→ EXERCISE DIRECTIONS:
One line at a time, check the entries below for the word "extrude", and copy each line that has it.

→ STORED DATA:
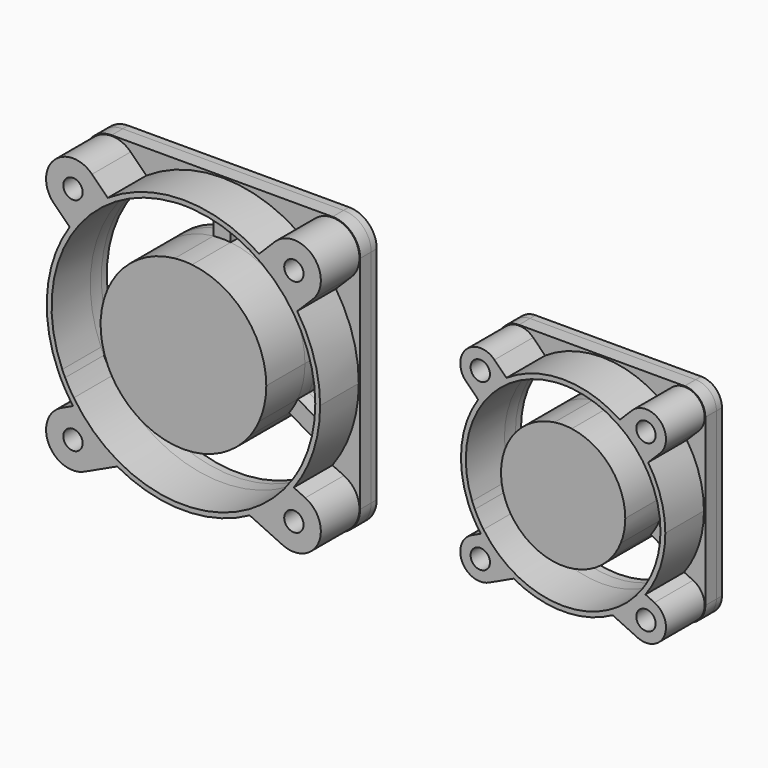
from build123d import *

# Parameters (mm, degrees)
F3_R     = 1.4
F4_DEPTH = 1
F5_DEPTH = 2
F6_DEPTH = 9
F7_DEPTH = 2
F8_DEPTH = 2


with BuildPart() as f4:
    # F3 (on Front) → F4 (new body)
    with BuildSketch(Plane.XZ):
        with BuildLine():
            Line((-16.757716, 18.757716), (-19.031282, 16.484151))
            ThreePointArc((-19.031282, 16.484151), (-15.999286, 14.000714), (-13.515849, 10.968718))
            Line((-13.515849, 10.968718), (-11.242284, 13.242284))
            ThreePointArc((-11.242284, 13.242284), (-11.242284, 18.757716), (-16.757716, 18.757716))
        make_face()
        with Locations((-14, 16)):
            Circle(F3_R, mode=Mode.SUBTRACT)
        with BuildLine():
            ThreePointArc((-45.981912, -11.688391), (-46.921843, -10.280624), (-47.738098, -8.79772))
            Line((-47.738098, -8.79772), (-50, -10.10363))
            Line((-50, -10.10363), (-50, -16))
            ThreePointArc((-50, -16), (-48.828427, -18.828427), (-46, -20))
            Line((-46, -20), (-30, -20))
            Line((-30, -20), (-14, -20))
            ThreePointArc((-14, -20), (-11.171573, -18.828427), (-10, -16))
            Line((-10, -16), (-10, 0))
            Line((-10, 0), (-10, 16))
            ThreePointArc((-10, 16), (-11.171573, 18.828427), (-14, 20))
            Line((-14, 20), (-30, 20))
            Line((-30, 20), (-46, 20))
            ThreePointArc((-46, 20), (-48.828427, 18.828427), (-50, 16))
            Line((-50, 16), (-50, 0))
            Line((-50, 0), (-50, -8.948929))
            Line((-50, -8.948929), (-48.16123, -7.887315))
            ThreePointArc((-48.16123, -7.887315), (-49.722147, 1.754112), (-46.484151, 10.968718))
            Line((-46.484151, 10.968718), (-48.757716, 13.242284))
            ThreePointArc((-48.757716, 13.242284), (-48.757716, 18.757716), (-43.242284, 18.757716))
            Line((-43.242284, 18.757716), (-40.968718, 16.484151))
            ThreePointArc((-40.968718, 16.484151), (-30, 19.8), (-19.031282, 16.484151))
            Line((-19.031282, 16.484151), (-16.757716, 18.757716))
            ThreePointArc((-16.757716, 18.757716), (-11.242284, 18.757716), (-11.242284, 13.242284))
            Line((-11.242284, 13.242284), (-13.515849, 10.968718))
            ThreePointArc((-13.515849, 10.968718), (-11.047082, 5.729477), (-10.2, 0))
            ThreePointArc((-10.2, 0), (-11.178711, -6.148095), (-14.018088, -11.688391))
            Line((-14.018088, -11.688391), (-12.351789, -12.4654))
            ThreePointArc((-12.351789, -12.4654), (-10.4654, -17.648211), (-15.648211, -19.5346))
            Line((-15.648211, -19.5346), (-20.401726, -17.318))
            ThreePointArc((-20.401726, -17.318), (-30, -19.8), (-39.598274, -17.318))
            Line((-39.598274, -17.318), (-44.351789, -19.5346))
            ThreePointArc((-44.351789, -19.5346), (-49.5346, -17.648211), (-47.648211, -12.4654))
            Line((-47.648211, -12.4654), (-45.981912, -11.688391))
        make_face()
        with BuildLine():
            ThreePointArc((-31.25, 19.059053), (-30, 19.1), (-28.75, 19.059053))
            ThreePointArc((-28.75, 19.059053), (-16.059322, 13.05632), (-10.9, 0))
            ThreePointArc((-10.9, 0), (-11.398859, -4.336766), (-12.869376, -8.446995))
            ThreePointArc((-12.869376, -8.446995), (-13.458915, -9.55), (-14.119376, -10.612058))
            ThreePointArc((-14.119376, -10.612058), (-30, -19.1), (-45.880624, -10.612058))
            ThreePointArc((-45.880624, -10.612058), (-46.541085, -9.55), (-47.130624, -8.446995))
            Line((-47.130624, -8.446995), (-47.738098, -8.79772))
            ThreePointArc((-47.738098, -8.79772), (-46.921843, -10.280624), (-45.981912, -11.688391))
            ThreePointArc((-45.981912, -11.688391), (-43.096168, -14.850266), (-39.598274, -17.318))
            ThreePointArc((-39.598274, -17.318), (-30, -19.8), (-20.401726, -17.318))
            ThreePointArc((-20.401726, -17.318), (-16.903832, -14.850266), (-14.018088, -11.688391))
            ThreePointArc((-14.018088, -11.688391), (-11.178711, -6.148095), (-10.2, 0))
            ThreePointArc((-10.2, 0), (-11.047082, 5.729477), (-13.515849, 10.968718))
            ThreePointArc((-13.515849, 10.968718), (-15.999286, 14.000714), (-19.031282, 16.484151))
            ThreePointArc((-19.031282, 16.484151), (-30, 19.8), (-40.968718, 16.484151))
            ThreePointArc((-40.968718, 16.484151), (-44.000714, 14.000714), (-46.484151, 10.968718))
            ThreePointArc((-46.484151, 10.968718), (-49.722147, 1.754112), (-48.16123, -7.887315))
            Line((-48.16123, -7.887315), (-47.550913, -7.534948))
            ThreePointArc((-47.550913, -7.534948), (-46.284312, 9.981542), (-31.25, 19.059053))
        make_face()
        with BuildLine():
            Line((-48.757716, 13.242284), (-46.484151, 10.968718))
            ThreePointArc((-46.484151, 10.968718), (-44.000714, 14.000714), (-40.968718, 16.484151))
            Line((-40.968718, 16.484151), (-43.242284, 18.757716))
            ThreePointArc((-43.242284, 18.757716), (-48.757716, 18.757716), (-48.757716, 13.242284))
        make_face()
        with Locations((-46, 16)):
            Circle(F3_R, mode=Mode.SUBTRACT)
        with BuildLine():
            ThreePointArc((-39.598274, -17.318), (-43.096168, -14.850266), (-45.981912, -11.688391))
            Line((-45.981912, -11.688391), (-47.648211, -12.4654))
            ThreePointArc((-47.648211, -12.4654), (-49.5346, -17.648211), (-44.351789, -19.5346))
            Line((-44.351789, -19.5346), (-39.598274, -17.318))
        make_face()
        with Locations((-46, -16)):
            Circle(F3_R, mode=Mode.SUBTRACT)
        with BuildLine():
            ThreePointArc((-14.018088, -11.688391), (-16.903832, -14.850266), (-20.401726, -17.318))
            Line((-20.401726, -17.318), (-15.648211, -19.5346))
            ThreePointArc((-15.648211, -19.5346), (-10.4654, -17.648211), (-12.351789, -12.4654))
            Line((-12.351789, -12.4654), (-14.018088, -11.688391))
        make_face()
        with Locations((-14, -16)):
            Circle(F3_R, mode=Mode.SUBTRACT)
        with BuildLine():
            Line((-12.869376, -8.446995), (-19.039231, -4.884827))
            ThreePointArc((-19.039231, -4.884827), (-19.607695, -6), (-20.289231, -7.049891))
            Line((-20.289231, -7.049891), (-14.119376, -10.612058))
            ThreePointArc((-14.119376, -10.612058), (-13.458915, -9.55), (-12.869376, -8.446995))
        make_face()
        with BuildLine():
            ThreePointArc((-39.710769, -7.049891), (-40.392305, -6), (-40.960769, -4.884827))
            Line((-40.960769, -4.884827), (-47.130624, -8.446995))
            ThreePointArc((-47.130624, -8.446995), (-46.541085, -9.55), (-45.880624, -10.612058))
            Line((-45.880624, -10.612058), (-39.710769, -7.049891))
        make_face()
        with BuildLine():
            ThreePointArc((-31.25, 11.934718), (-30, 12), (-28.75, 11.934718))
            Line((-28.75, 11.934718), (-28.75, 19.059053))
            ThreePointArc((-28.75, 19.059053), (-30, 19.1), (-31.25, 19.059053))
            Line((-31.25, 19.059053), (-31.25, 11.934718))
        make_face()
        with BuildLine():
            ThreePointArc((-28.75, 10.928746), (-21.791772, 7.322909), (-19, 0))
            ThreePointArc((-19, 0), (-19.230012, -2.237712), (-19.910428, -4.381841))
            Line((-19.910428, -4.381841), (-19.039231, -4.884827))
            ThreePointArc((-19.039231, -4.884827), (-18.262683, -2.497075), (-18, 0))
            ThreePointArc((-18, 0), (-21.083723, 8.031189), (-28.75, 11.934718))
            Line((-28.75, 11.934718), (-28.75, 10.928746))
        make_face()
        with BuildLine():
            Line((-19.039231, -4.884827), (-19.910428, -4.381841))
            ThreePointArc((-19.910428, -4.381841), (-20.473721, -5.5), (-21.160428, -6.546905))
            Line((-21.160428, -6.546905), (-20.289231, -7.049891))
            ThreePointArc((-20.289231, -7.049891), (-19.607695, -6), (-19.039231, -4.884827))
        make_face()
        with BuildLine():
            Line((-20.289231, -7.049891), (-21.160428, -6.546905))
            ThreePointArc((-21.160428, -6.546905), (-30, -11), (-38.839572, -6.546905))
            Line((-38.839572, -6.546905), (-39.710769, -7.049891))
            ThreePointArc((-39.710769, -7.049891), (-30, -12), (-20.289231, -7.049891))
        make_face()
        with BuildLine():
            ThreePointArc((-40.089572, -4.381841), (-39.526279, 5.5), (-31.25, 10.928746))
            Line((-31.25, 10.928746), (-31.25, 11.934718))
            ThreePointArc((-31.25, 11.934718), (-40.392305, 6), (-40.960769, -4.884827))
            Line((-40.960769, -4.884827), (-40.089572, -4.381841))
        make_face()
        with BuildLine():
            ThreePointArc((-38.839572, -6.546905), (-39.526279, -5.5), (-40.089572, -4.381841))
            Line((-40.089572, -4.381841), (-40.960769, -4.884827))
            ThreePointArc((-40.960769, -4.884827), (-40.392305, -6), (-39.710769, -7.049891))
            Line((-39.710769, -7.049891), (-38.839572, -6.546905))
        make_face()
        with BuildLine():
            ThreePointArc((-31.25, 10.928746), (-30, 11), (-28.75, 10.928746))
            Line((-28.75, 10.928746), (-28.75, 11.934718))
            ThreePointArc((-28.75, 11.934718), (-30, 12), (-31.25, 11.934718))
            Line((-31.25, 11.934718), (-31.25, 10.928746))
        make_face()
    extrude(amount=-F4_DEPTH)

    # F3 (on Front) → F5 (join)
    with BuildSketch(Plane.XZ):
        with BuildLine():
            ThreePointArc((-45.981912, -11.688391), (-46.921843, -10.280624), (-47.738098, -8.79772))
            Line((-47.738098, -8.79772), (-50, -10.10363))
            Line((-50, -10.10363), (-50, -16))
            ThreePointArc((-50, -16), (-48.828427, -18.828427), (-46, -20))
            Line((-46, -20), (-30, -20))
            Line((-30, -20), (-14, -20))
            ThreePointArc((-14, -20), (-11.171573, -18.828427), (-10, -16))
            Line((-10, -16), (-10, 0))
            Line((-10, 0), (-10, 16))
            ThreePointArc((-10, 16), (-11.171573, 18.828427), (-14, 20))
            Line((-14, 20), (-30, 20))
            Line((-30, 20), (-46, 20))
            ThreePointArc((-46, 20), (-48.828427, 18.828427), (-50, 16))
            Line((-50, 16), (-50, 0))
            Line((-50, 0), (-50, -8.948929))
            Line((-50, -8.948929), (-48.16123, -7.887315))
            ThreePointArc((-48.16123, -7.887315), (-49.722147, 1.754112), (-46.484151, 10.968718))
            Line((-46.484151, 10.968718), (-48.757716, 13.242284))
            ThreePointArc((-48.757716, 13.242284), (-48.757716, 18.757716), (-43.242284, 18.757716))
            Line((-43.242284, 18.757716), (-40.968718, 16.484151))
            ThreePointArc((-40.968718, 16.484151), (-30, 19.8), (-19.031282, 16.484151))
            Line((-19.031282, 16.484151), (-16.757716, 18.757716))
            ThreePointArc((-16.757716, 18.757716), (-11.242284, 18.757716), (-11.242284, 13.242284))
            Line((-11.242284, 13.242284), (-13.515849, 10.968718))
            ThreePointArc((-13.515849, 10.968718), (-11.047082, 5.729477), (-10.2, 0))
            ThreePointArc((-10.2, 0), (-11.178711, -6.148095), (-14.018088, -11.688391))
            Line((-14.018088, -11.688391), (-12.351789, -12.4654))
            ThreePointArc((-12.351789, -12.4654), (-10.4654, -17.648211), (-15.648211, -19.5346))
            Line((-15.648211, -19.5346), (-20.401726, -17.318))
            ThreePointArc((-20.401726, -17.318), (-30, -19.8), (-39.598274, -17.318))
            Line((-39.598274, -17.318), (-44.351789, -19.5346))
            ThreePointArc((-44.351789, -19.5346), (-49.5346, -17.648211), (-47.648211, -12.4654))
            Line((-47.648211, -12.4654), (-45.981912, -11.688391))
        make_face()
    extrude(amount=F5_DEPTH)

    # F3 (on Front) → F6, piece 2 (join)
    with BuildSketch(Plane.XZ):
        with BuildLine():
            Line((-16.757716, 18.757716), (-19.031282, 16.484151))
            ThreePointArc((-19.031282, 16.484151), (-15.999286, 14.000714), (-13.515849, 10.968718))
            Line((-13.515849, 10.968718), (-11.242284, 13.242284))
            ThreePointArc((-11.242284, 13.242284), (-11.242284, 18.757716), (-16.757716, 18.757716))
        make_face()
        with Locations((-14, 16)):
            Circle(F3_R, mode=Mode.SUBTRACT)
        with BuildLine():
            ThreePointArc((-14.018088, -11.688391), (-16.903832, -14.850266), (-20.401726, -17.318))
            Line((-20.401726, -17.318), (-15.648211, -19.5346))
            ThreePointArc((-15.648211, -19.5346), (-10.4654, -17.648211), (-12.351789, -12.4654))
            Line((-12.351789, -12.4654), (-14.018088, -11.688391))
        make_face()
        with Locations((-14, -16)):
            Circle(F3_R, mode=Mode.SUBTRACT)
        with BuildLine():
            ThreePointArc((-39.598274, -17.318), (-43.096168, -14.850266), (-45.981912, -11.688391))
            Line((-45.981912, -11.688391), (-47.648211, -12.4654))
            ThreePointArc((-47.648211, -12.4654), (-49.5346, -17.648211), (-44.351789, -19.5346))
            Line((-44.351789, -19.5346), (-39.598274, -17.318))
        make_face()
        with Locations((-46, -16)):
            Circle(F3_R, mode=Mode.SUBTRACT)
        with BuildLine():
            Line((-48.757716, 13.242284), (-46.484151, 10.968718))
            ThreePointArc((-46.484151, 10.968718), (-44.000714, 14.000714), (-40.968718, 16.484151))
            Line((-40.968718, 16.484151), (-43.242284, 18.757716))
            ThreePointArc((-43.242284, 18.757716), (-48.757716, 18.757716), (-48.757716, 13.242284))
        make_face()
        with Locations((-46, 16)):
            Circle(F3_R, mode=Mode.SUBTRACT)
        with BuildLine():
            ThreePointArc((-19.910428, -4.381841), (-19.230012, -2.237712), (-19, 0))
            ThreePointArc((-19, 0), (-21.791772, 7.322909), (-28.75, 10.928746))
            ThreePointArc((-28.75, 10.928746), (-30, 11), (-31.25, 10.928746))
            ThreePointArc((-31.25, 10.928746), (-39.526279, 5.5), (-40.089572, -4.381841))
            ThreePointArc((-40.089572, -4.381841), (-39.526279, -5.5), (-38.839572, -6.546905))
            ThreePointArc((-38.839572, -6.546905), (-30, -11), (-21.160428, -6.546905))
            ThreePointArc((-21.160428, -6.546905), (-20.473721, -5.5), (-19.910428, -4.381841))
        make_face()
        with BuildLine():
            ThreePointArc((-31.25, 19.059053), (-30, 19.1), (-28.75, 19.059053))
            ThreePointArc((-28.75, 19.059053), (-16.059322, 13.05632), (-10.9, 0))
            ThreePointArc((-10.9, 0), (-11.398859, -4.336766), (-12.869376, -8.446995))
            ThreePointArc((-12.869376, -8.446995), (-13.458915, -9.55), (-14.119376, -10.612058))
            ThreePointArc((-14.119376, -10.612058), (-30, -19.1), (-45.880624, -10.612058))
            ThreePointArc((-45.880624, -10.612058), (-46.541085, -9.55), (-47.130624, -8.446995))
            Line((-47.130624, -8.446995), (-47.738098, -8.79772))
            ThreePointArc((-47.738098, -8.79772), (-46.921843, -10.280624), (-45.981912, -11.688391))
            ThreePointArc((-45.981912, -11.688391), (-43.096168, -14.850266), (-39.598274, -17.318))
            ThreePointArc((-39.598274, -17.318), (-30, -19.8), (-20.401726, -17.318))
            ThreePointArc((-20.401726, -17.318), (-16.903832, -14.850266), (-14.018088, -11.688391))
            ThreePointArc((-14.018088, -11.688391), (-11.178711, -6.148095), (-10.2, 0))
            ThreePointArc((-10.2, 0), (-11.047082, 5.729477), (-13.515849, 10.968718))
            ThreePointArc((-13.515849, 10.968718), (-15.999286, 14.000714), (-19.031282, 16.484151))
            ThreePointArc((-19.031282, 16.484151), (-30, 19.8), (-40.968718, 16.484151))
            ThreePointArc((-40.968718, 16.484151), (-44.000714, 14.000714), (-46.484151, 10.968718))
            ThreePointArc((-46.484151, 10.968718), (-49.722147, 1.754112), (-48.16123, -7.887315))
            Line((-48.16123, -7.887315), (-47.550913, -7.534948))
            ThreePointArc((-47.550913, -7.534948), (-46.284312, 9.981542), (-31.25, 19.059053))
        make_face()
        with BuildLine():
            ThreePointArc((-28.75, 10.928746), (-21.791772, 7.322909), (-19, 0))
            ThreePointArc((-19, 0), (-19.230012, -2.237712), (-19.910428, -4.381841))
            Line((-19.910428, -4.381841), (-19.039231, -4.884827))
            ThreePointArc((-19.039231, -4.884827), (-18.262683, -2.497075), (-18, 0))
            ThreePointArc((-18, 0), (-21.083723, 8.031189), (-28.75, 11.934718))
            Line((-28.75, 11.934718), (-28.75, 10.928746))
        make_face()
        with BuildLine():
            ThreePointArc((-31.25, 10.928746), (-30, 11), (-28.75, 10.928746))
            Line((-28.75, 10.928746), (-28.75, 11.934718))
            ThreePointArc((-28.75, 11.934718), (-30, 12), (-31.25, 11.934718))
            Line((-31.25, 11.934718), (-31.25, 10.928746))
        make_face()
        with BuildLine():
            ThreePointArc((-40.089572, -4.381841), (-39.526279, 5.5), (-31.25, 10.928746))
            Line((-31.25, 10.928746), (-31.25, 11.934718))
            ThreePointArc((-31.25, 11.934718), (-40.392305, 6), (-40.960769, -4.884827))
            Line((-40.960769, -4.884827), (-40.089572, -4.381841))
        make_face()
        with BuildLine():
            ThreePointArc((-38.839572, -6.546905), (-39.526279, -5.5), (-40.089572, -4.381841))
            Line((-40.089572, -4.381841), (-40.960769, -4.884827))
            ThreePointArc((-40.960769, -4.884827), (-40.392305, -6), (-39.710769, -7.049891))
            Line((-39.710769, -7.049891), (-38.839572, -6.546905))
        make_face()
        with BuildLine():
            Line((-20.289231, -7.049891), (-21.160428, -6.546905))
            ThreePointArc((-21.160428, -6.546905), (-30, -11), (-38.839572, -6.546905))
            Line((-38.839572, -6.546905), (-39.710769, -7.049891))
            ThreePointArc((-39.710769, -7.049891), (-30, -12), (-20.289231, -7.049891))
        make_face()
        with BuildLine():
            Line((-19.039231, -4.884827), (-19.910428, -4.381841))
            ThreePointArc((-19.910428, -4.381841), (-20.473721, -5.5), (-21.160428, -6.546905))
            Line((-21.160428, -6.546905), (-20.289231, -7.049891))
            ThreePointArc((-20.289231, -7.049891), (-19.607695, -6), (-19.039231, -4.884827))
        make_face()
        with BuildLine():
            Line((-47.738098, -8.79772), (-47.130624, -8.446995))
            ThreePointArc((-47.130624, -8.446995), (-47.346764, -7.993734), (-47.550913, -7.534948))
            Line((-47.550913, -7.534948), (-48.16123, -7.887315))
            ThreePointArc((-48.16123, -7.887315), (-47.955435, -8.3452), (-47.738098, -8.79772))
        make_face()
    extrude(amount=F6_DEPTH)


with BuildPart() as f4b:
    # F3 (on Front) → F4, piece 2 (new body)
    with BuildSketch(Plane.XZ):
        with BuildLine():
            ThreePointArc((36.925159, -8.765305), (34.773744, -11.113682), (32.169719, -12.947399))
            Line((32.169719, -12.947399), (35.774407, -14.628293))
            ThreePointArc((35.774407, -14.628293), (39.628293, -13.225593), (38.225593, -9.371707))
            Line((38.225593, -9.371707), (36.925159, -8.765305))
        make_face()
        with Locations((37, -12)):
            Circle(F3_R, mode=Mode.SUBTRACT)
        with BuildLine():
            ThreePointArc((13.074841, -8.765305), (12.278931, -7.564021), (11.603621, -6.291027))
            Line((11.603621, -6.291027), (10, -7.216878))
            Line((10, -7.216878), (10, -12))
            ThreePointArc((10, -12), (10.87868, -14.12132), (13, -15))
            Line((13, -15), (25, -15))
            Line((25, -15), (37, -15))
            ThreePointArc((37, -15), (39.12132, -14.12132), (40, -12))
            Line((40, -12), (40, 0))
            Line((40, 0), (40, 12))
            ThreePointArc((40, 12), (39.12132, 14.12132), (37, 15))
            Line((37, 15), (25, 15))
            Line((25, 15), (13, 15))
            ThreePointArc((13, 15), (10.87868, 14.12132), (10, 12))
            Line((10, 12), (10, 0))
            Line((10, 0), (10, -6.062178))
            Line((10, -6.062178), (11.206807, -5.365428))
            ThreePointArc((11.206807, -5.365428), (10.287187, 1.604095), (12.687081, 8.2117))
            Line((12.687081, 8.2117), (10.94939, 9.94939))
            ThreePointArc((10.94939, 9.94939), (10.94939, 14.05061), (15.05061, 14.05061))
            Line((15.05061, 14.05061), (16.7883, 12.312919))
            ThreePointArc((16.7883, 12.312919), (25, 14.8), (33.2117, 12.312919))
            Line((33.2117, 12.312919), (34.94939, 14.05061))
            ThreePointArc((34.94939, 14.05061), (39.05061, 14.05061), (39.05061, 9.94939))
            Line((39.05061, 9.94939), (37.312919, 8.2117))
            ThreePointArc((37.312919, 8.2117), (39.16459, 4.290035), (39.8, 0))
            ThreePointArc((39.8, 0), (39.062936, -4.612355), (36.925159, -8.765305))
            Line((36.925159, -8.765305), (38.225593, -9.371707))
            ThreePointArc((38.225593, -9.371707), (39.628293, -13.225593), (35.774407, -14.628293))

→ REPLY:
    extrude(amount=-F4_DEPTH)
    extrude(amount=F5_DEPTH)
    extrude(amount=F6_DEPTH)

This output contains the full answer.